Apple Vice President Jennifer Bailey said such experiences were premature and not representative. “Like any set of major technology changes, it takes time,” she said. “We want to move as quickly as possible, we push it as quickly as possible.”

Facing a slowing smartphone business, Apple has taken on the payments market hoping to add ways to make its devices more appealing, and more revenue streams. Apple takes a cut of up to 15 cents in the United States on every $100 spent.

While it has long mastered the supply chain for its mobile devices, the payments ecosystem has proved harder to control, and banks in other countries have reportedly negotiated lower transaction fees, contributing to its slow global roll-out.

Apple nearly doubled its R&D spending to more than $8 billion in 2013–15 as it pushed out a wave of new products including Apple Watch and Apple Pay, as well as upgrades to existing hardware devices and new services.

RESISTANCE

Apple has leveraged its huge U.S. user base to push Pay, but has met resistance in Australia, Britain and Canada where banks are building their own products.

“Payments in general is such a complicated system with so many incumbent providers that revolutionary change like this was not going to happen very quickly,” said Joshua Gilbert, an analyst at First Annapolis Consulting.

The upshot: Apple has rolled out Pay in a dribble, adding countries and partners where it can – Hong Kong is expected to be added next – resulting in an uneven banking landscape with users and retail staff not always sure what will work and how.

In Britain, for example, $14 billion was spent via contactless cards last year, according to Windsor Holden, a Juniper Research analyst. That makes it harder to persuade people to take the extra step on their smartphone for the same checkout convenience.

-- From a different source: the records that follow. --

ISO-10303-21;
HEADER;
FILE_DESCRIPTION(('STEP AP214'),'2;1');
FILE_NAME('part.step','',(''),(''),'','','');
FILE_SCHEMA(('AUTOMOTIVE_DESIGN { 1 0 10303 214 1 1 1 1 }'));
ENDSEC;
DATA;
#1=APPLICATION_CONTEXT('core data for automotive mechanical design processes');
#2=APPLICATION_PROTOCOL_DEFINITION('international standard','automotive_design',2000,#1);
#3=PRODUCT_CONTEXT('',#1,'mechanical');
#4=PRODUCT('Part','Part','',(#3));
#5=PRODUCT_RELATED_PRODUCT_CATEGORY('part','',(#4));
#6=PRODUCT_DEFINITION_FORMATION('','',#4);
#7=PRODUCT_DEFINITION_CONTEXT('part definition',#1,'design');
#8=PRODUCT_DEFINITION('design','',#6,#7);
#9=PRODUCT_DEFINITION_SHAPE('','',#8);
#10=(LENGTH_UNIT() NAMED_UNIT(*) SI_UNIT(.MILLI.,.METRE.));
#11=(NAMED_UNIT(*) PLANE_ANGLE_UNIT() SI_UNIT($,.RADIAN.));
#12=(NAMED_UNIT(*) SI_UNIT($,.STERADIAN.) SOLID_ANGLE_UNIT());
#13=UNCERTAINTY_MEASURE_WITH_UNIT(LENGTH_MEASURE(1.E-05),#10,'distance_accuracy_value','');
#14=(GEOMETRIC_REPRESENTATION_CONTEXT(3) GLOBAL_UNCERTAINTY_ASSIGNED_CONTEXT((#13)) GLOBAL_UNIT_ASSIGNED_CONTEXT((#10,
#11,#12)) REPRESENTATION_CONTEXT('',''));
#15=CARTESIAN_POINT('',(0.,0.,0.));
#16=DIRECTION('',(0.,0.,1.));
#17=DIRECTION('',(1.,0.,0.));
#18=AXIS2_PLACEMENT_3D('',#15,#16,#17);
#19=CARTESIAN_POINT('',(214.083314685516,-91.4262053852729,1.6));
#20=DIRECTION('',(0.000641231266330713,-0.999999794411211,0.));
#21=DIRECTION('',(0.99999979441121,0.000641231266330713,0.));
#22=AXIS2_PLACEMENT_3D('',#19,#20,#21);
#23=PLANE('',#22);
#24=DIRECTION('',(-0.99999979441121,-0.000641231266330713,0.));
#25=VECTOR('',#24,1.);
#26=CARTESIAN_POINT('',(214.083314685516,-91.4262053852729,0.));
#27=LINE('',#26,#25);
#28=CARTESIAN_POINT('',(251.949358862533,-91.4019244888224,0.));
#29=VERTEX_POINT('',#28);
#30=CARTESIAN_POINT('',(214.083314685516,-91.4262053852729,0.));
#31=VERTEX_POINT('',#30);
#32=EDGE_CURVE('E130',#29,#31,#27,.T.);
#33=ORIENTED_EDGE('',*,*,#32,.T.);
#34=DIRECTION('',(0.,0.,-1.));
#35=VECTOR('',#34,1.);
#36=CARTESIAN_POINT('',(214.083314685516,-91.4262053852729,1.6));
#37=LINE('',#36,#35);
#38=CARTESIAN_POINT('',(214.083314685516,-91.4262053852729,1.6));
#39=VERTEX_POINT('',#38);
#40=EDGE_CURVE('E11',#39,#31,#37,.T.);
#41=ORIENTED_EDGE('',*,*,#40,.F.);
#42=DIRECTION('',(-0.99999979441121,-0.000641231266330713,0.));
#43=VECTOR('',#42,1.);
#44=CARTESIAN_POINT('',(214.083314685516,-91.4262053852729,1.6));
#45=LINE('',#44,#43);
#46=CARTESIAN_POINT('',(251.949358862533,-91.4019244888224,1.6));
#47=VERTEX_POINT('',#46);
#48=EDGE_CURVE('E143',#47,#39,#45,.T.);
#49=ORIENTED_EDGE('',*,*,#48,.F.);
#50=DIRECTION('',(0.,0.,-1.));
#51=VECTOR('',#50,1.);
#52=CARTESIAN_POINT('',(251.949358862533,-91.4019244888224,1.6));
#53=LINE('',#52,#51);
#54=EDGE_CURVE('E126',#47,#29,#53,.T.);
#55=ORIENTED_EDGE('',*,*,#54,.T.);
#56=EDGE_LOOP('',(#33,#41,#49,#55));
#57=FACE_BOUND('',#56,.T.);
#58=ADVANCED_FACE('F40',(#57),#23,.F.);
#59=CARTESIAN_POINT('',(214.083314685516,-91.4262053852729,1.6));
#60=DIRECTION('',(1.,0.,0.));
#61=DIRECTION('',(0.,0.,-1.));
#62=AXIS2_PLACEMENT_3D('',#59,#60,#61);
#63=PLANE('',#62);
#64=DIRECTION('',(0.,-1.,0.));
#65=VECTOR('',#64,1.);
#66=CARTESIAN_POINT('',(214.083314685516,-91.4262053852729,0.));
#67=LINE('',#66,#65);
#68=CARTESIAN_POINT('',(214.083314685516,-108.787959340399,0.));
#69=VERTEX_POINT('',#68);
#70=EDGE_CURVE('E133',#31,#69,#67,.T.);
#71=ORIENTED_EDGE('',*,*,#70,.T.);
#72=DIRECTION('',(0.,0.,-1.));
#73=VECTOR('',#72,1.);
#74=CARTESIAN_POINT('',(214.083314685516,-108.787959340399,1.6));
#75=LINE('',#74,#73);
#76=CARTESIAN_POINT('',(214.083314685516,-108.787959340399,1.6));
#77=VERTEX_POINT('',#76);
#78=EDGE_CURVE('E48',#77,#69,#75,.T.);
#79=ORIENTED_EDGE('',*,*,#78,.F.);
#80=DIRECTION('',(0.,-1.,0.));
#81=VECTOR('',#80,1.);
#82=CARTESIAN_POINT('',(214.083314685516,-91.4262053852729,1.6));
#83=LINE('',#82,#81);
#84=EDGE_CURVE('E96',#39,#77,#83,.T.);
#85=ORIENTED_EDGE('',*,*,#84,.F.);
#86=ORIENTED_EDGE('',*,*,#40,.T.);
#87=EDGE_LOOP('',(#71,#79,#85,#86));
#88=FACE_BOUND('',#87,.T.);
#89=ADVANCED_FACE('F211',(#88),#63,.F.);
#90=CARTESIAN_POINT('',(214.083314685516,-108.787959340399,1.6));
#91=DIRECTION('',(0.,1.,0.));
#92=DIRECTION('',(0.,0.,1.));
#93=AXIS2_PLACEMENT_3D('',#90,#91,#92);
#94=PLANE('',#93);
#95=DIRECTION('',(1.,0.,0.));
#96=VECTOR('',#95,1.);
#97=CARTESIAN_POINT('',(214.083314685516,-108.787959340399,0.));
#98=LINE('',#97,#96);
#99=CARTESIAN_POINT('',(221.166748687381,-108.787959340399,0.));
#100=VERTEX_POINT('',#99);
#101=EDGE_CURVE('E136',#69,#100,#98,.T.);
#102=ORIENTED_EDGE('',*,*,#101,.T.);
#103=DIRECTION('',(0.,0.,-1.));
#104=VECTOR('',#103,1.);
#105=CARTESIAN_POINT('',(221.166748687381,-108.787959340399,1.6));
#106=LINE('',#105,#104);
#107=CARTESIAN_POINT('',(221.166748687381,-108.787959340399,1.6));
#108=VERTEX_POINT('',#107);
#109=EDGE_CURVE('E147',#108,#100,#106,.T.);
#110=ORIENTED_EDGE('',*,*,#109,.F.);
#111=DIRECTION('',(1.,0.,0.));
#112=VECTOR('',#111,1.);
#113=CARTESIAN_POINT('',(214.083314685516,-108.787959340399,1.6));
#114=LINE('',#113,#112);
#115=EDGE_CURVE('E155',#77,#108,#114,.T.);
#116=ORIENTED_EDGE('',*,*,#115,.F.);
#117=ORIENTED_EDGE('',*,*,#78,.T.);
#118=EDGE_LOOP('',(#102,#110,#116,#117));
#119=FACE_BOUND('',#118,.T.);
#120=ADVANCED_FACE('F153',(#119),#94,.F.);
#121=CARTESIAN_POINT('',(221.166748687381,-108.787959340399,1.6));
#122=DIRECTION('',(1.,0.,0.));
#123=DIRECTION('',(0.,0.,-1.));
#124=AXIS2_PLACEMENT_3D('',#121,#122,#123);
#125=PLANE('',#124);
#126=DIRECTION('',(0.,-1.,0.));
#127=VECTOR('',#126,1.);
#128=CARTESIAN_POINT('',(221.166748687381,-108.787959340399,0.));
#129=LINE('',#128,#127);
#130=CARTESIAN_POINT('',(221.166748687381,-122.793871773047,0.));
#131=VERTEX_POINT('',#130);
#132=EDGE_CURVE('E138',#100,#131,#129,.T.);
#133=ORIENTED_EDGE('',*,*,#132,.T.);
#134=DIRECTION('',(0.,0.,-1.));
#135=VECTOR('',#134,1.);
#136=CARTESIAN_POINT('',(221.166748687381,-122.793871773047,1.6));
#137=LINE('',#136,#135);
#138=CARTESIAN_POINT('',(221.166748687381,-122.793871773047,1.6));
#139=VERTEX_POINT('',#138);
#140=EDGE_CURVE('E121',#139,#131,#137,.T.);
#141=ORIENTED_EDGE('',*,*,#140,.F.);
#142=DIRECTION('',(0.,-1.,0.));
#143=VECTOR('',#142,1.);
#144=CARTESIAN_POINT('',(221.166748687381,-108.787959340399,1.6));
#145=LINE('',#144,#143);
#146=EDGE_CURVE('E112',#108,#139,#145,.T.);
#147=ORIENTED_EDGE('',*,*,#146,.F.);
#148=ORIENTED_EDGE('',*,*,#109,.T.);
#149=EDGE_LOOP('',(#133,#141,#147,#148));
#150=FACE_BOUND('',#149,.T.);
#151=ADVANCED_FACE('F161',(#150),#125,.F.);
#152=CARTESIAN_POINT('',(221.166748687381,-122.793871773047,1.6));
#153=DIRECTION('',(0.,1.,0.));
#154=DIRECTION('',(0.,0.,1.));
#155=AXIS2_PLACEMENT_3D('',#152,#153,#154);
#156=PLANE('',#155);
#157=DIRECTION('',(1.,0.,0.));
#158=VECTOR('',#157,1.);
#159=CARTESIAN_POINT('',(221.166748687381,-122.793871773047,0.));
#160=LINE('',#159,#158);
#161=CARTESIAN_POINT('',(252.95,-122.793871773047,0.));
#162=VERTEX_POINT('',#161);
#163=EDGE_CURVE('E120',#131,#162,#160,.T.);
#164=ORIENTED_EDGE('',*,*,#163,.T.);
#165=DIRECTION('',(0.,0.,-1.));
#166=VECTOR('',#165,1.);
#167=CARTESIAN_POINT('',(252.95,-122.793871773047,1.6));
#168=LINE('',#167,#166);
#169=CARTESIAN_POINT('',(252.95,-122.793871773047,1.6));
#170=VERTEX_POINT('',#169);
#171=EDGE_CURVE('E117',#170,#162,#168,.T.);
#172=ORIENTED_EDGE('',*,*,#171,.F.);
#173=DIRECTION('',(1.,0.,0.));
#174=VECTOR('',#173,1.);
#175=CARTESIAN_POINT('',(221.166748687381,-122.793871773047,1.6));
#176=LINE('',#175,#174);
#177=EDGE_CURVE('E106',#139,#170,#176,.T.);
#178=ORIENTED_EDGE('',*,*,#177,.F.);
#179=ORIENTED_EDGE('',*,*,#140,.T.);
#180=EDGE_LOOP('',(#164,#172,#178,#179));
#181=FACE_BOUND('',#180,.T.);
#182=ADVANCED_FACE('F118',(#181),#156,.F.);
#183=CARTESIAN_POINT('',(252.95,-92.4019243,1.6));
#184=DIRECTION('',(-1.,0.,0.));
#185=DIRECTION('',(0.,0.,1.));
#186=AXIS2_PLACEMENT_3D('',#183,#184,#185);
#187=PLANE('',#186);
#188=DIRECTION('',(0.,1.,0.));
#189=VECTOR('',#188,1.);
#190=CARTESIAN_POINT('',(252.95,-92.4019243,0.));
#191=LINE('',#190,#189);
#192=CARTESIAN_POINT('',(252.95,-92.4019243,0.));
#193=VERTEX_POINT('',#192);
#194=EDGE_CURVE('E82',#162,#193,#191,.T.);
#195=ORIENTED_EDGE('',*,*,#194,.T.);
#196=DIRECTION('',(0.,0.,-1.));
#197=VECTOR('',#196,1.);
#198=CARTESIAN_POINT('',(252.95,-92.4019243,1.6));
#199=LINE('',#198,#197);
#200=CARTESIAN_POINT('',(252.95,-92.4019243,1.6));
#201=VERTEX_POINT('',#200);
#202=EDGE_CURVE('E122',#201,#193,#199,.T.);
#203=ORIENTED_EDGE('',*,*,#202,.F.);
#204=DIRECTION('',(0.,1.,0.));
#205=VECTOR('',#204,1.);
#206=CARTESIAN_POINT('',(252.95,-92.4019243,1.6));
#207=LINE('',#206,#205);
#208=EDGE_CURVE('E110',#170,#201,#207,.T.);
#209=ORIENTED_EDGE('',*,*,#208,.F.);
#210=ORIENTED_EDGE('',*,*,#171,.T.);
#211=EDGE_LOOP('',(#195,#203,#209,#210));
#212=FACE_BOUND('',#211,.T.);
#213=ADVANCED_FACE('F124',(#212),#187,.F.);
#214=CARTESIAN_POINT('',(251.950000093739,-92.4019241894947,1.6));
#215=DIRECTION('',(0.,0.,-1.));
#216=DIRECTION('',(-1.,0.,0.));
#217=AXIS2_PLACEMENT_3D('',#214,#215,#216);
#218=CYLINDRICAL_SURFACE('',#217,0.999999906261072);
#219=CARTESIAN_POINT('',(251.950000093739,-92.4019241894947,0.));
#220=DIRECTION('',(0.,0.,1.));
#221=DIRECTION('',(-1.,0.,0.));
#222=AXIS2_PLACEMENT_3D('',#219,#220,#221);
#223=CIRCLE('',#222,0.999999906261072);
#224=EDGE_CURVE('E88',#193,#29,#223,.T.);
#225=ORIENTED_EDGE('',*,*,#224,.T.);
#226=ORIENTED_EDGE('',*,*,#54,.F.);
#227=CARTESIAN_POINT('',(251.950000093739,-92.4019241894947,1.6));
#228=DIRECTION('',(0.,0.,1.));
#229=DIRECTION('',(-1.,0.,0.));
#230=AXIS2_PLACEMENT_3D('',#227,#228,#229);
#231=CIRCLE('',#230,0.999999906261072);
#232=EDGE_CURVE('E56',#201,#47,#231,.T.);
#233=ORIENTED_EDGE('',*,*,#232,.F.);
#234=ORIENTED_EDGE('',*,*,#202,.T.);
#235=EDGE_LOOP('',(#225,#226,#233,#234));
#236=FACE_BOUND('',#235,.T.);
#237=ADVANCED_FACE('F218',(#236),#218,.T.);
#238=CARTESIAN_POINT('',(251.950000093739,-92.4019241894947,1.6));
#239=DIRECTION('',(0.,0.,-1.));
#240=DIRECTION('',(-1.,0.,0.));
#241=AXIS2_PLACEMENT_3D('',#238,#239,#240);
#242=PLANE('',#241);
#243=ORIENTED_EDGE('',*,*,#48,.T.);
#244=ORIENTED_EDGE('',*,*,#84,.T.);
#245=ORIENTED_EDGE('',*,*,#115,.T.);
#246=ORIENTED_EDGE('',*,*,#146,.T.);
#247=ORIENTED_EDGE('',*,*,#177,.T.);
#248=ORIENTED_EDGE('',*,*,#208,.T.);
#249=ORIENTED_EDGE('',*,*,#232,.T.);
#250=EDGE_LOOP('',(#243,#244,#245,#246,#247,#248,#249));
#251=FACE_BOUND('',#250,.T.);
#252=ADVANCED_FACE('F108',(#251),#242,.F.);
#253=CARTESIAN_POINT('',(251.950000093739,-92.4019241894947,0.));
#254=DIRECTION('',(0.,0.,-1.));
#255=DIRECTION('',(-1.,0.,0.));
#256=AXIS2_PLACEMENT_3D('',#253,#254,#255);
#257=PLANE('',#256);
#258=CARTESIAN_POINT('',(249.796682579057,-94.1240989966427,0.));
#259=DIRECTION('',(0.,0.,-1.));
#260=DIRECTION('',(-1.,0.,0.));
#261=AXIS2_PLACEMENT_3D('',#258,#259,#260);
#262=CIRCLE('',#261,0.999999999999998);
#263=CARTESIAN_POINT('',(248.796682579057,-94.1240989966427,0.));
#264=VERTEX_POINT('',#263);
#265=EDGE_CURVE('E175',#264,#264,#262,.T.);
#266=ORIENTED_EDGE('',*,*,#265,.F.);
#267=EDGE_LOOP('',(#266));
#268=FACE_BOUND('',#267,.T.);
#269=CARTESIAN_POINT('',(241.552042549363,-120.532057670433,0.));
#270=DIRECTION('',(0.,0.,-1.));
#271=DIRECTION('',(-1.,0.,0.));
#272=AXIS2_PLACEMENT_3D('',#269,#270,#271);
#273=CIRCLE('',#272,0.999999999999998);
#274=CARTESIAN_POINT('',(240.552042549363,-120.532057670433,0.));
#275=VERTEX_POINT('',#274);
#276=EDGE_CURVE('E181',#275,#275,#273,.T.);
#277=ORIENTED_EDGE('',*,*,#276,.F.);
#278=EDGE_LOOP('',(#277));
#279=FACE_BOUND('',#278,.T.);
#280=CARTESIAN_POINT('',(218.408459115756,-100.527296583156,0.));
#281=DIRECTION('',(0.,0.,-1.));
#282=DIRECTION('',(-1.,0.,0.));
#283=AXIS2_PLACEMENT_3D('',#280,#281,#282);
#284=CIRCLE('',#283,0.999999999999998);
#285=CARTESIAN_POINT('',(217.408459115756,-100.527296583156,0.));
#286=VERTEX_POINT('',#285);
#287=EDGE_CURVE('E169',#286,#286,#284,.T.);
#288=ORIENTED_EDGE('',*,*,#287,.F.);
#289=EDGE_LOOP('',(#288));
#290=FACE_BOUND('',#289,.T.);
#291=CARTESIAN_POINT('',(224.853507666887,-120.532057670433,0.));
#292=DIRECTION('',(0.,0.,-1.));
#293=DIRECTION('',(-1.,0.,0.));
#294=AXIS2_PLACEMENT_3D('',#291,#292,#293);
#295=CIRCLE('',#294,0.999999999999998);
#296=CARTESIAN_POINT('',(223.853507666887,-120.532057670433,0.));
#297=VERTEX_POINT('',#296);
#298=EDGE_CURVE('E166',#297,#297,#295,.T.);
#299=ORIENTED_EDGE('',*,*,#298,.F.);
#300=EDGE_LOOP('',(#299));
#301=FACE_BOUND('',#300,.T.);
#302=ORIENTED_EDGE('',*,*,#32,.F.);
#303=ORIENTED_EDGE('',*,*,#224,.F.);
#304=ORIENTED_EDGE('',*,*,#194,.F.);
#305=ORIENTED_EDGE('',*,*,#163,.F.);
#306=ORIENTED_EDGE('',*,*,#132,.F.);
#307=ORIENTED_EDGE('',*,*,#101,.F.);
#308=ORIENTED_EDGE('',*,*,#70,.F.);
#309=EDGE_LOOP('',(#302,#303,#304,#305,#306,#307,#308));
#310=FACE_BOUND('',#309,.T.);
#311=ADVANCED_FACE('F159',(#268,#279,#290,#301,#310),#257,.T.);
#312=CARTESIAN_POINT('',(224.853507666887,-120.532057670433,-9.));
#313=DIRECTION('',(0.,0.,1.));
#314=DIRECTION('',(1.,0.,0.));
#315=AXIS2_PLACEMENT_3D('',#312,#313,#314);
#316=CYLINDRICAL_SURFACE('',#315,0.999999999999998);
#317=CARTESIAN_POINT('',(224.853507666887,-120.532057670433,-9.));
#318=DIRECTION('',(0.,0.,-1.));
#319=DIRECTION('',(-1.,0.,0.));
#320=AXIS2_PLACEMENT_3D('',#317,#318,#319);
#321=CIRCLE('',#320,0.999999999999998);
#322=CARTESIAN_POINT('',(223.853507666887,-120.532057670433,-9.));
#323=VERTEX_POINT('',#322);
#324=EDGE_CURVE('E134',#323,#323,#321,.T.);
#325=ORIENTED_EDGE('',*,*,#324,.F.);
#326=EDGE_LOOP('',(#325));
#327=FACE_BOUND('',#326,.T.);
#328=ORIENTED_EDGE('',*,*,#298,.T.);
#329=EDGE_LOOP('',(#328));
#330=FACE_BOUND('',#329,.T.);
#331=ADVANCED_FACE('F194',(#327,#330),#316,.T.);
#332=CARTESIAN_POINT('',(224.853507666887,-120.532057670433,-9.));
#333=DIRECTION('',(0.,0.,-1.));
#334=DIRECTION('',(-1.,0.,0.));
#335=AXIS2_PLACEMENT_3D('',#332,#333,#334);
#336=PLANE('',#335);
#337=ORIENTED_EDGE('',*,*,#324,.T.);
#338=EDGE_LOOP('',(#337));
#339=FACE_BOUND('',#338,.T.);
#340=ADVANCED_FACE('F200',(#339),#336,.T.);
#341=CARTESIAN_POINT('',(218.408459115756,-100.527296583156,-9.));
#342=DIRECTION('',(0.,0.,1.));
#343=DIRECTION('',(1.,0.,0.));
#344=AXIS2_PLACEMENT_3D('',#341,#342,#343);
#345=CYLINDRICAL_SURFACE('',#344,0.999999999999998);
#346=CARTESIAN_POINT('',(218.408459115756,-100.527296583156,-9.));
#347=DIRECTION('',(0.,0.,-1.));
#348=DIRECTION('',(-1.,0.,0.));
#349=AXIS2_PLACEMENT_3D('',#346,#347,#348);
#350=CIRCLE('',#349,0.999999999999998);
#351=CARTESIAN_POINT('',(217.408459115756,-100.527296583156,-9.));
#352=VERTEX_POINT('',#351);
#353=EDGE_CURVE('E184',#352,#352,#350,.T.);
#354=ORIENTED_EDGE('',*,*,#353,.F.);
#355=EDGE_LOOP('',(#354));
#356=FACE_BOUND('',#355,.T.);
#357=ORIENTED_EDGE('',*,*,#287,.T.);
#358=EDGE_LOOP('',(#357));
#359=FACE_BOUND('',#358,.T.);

“You have over 86 million contactless cards in circulation, you have to persuade Britons to register their cards to the (Apple Pay) service when they can already use them to make a contactless payment,” Holden said.

In Australia, where more than 60 percent of all card transactions are through contactless cards, reception has also been muted. A spokesman for one large retailer said he had seen “very little uptake of the payment option” in his sector. He didn’t want to be named as he was not authorized to speak publicly about the matter.

Diego Machuca, 32, banks with Apple Pay-holdout Commonwealth Bank, has an iPhone and is already “largely cashless”. He says Apple Pay is appealing, but he wouldn’t switch banks just to access that one feature. “Not over that. There’s too much work involved just for tap-and-go,” he told Reuters.

Three months after the China launch, users on online forums complained that using Apple Pay, even at popular fast-food outlets, was not as seamless as local services such as WeChat, Tencent’s messaging and mobile commerce phenomenon.

Nonetheless, Apple’s approach has spurred development in several markets where the mobile payments industry had previously not taken hold – giving it the jump on rivals Google’s Android Pay and Samsung Pay.

Android Pay only launched in the United States in March and in Britain last month for use on the latest model Android phones. Samsung Pay is available in three markets; China, South Korea and the United States.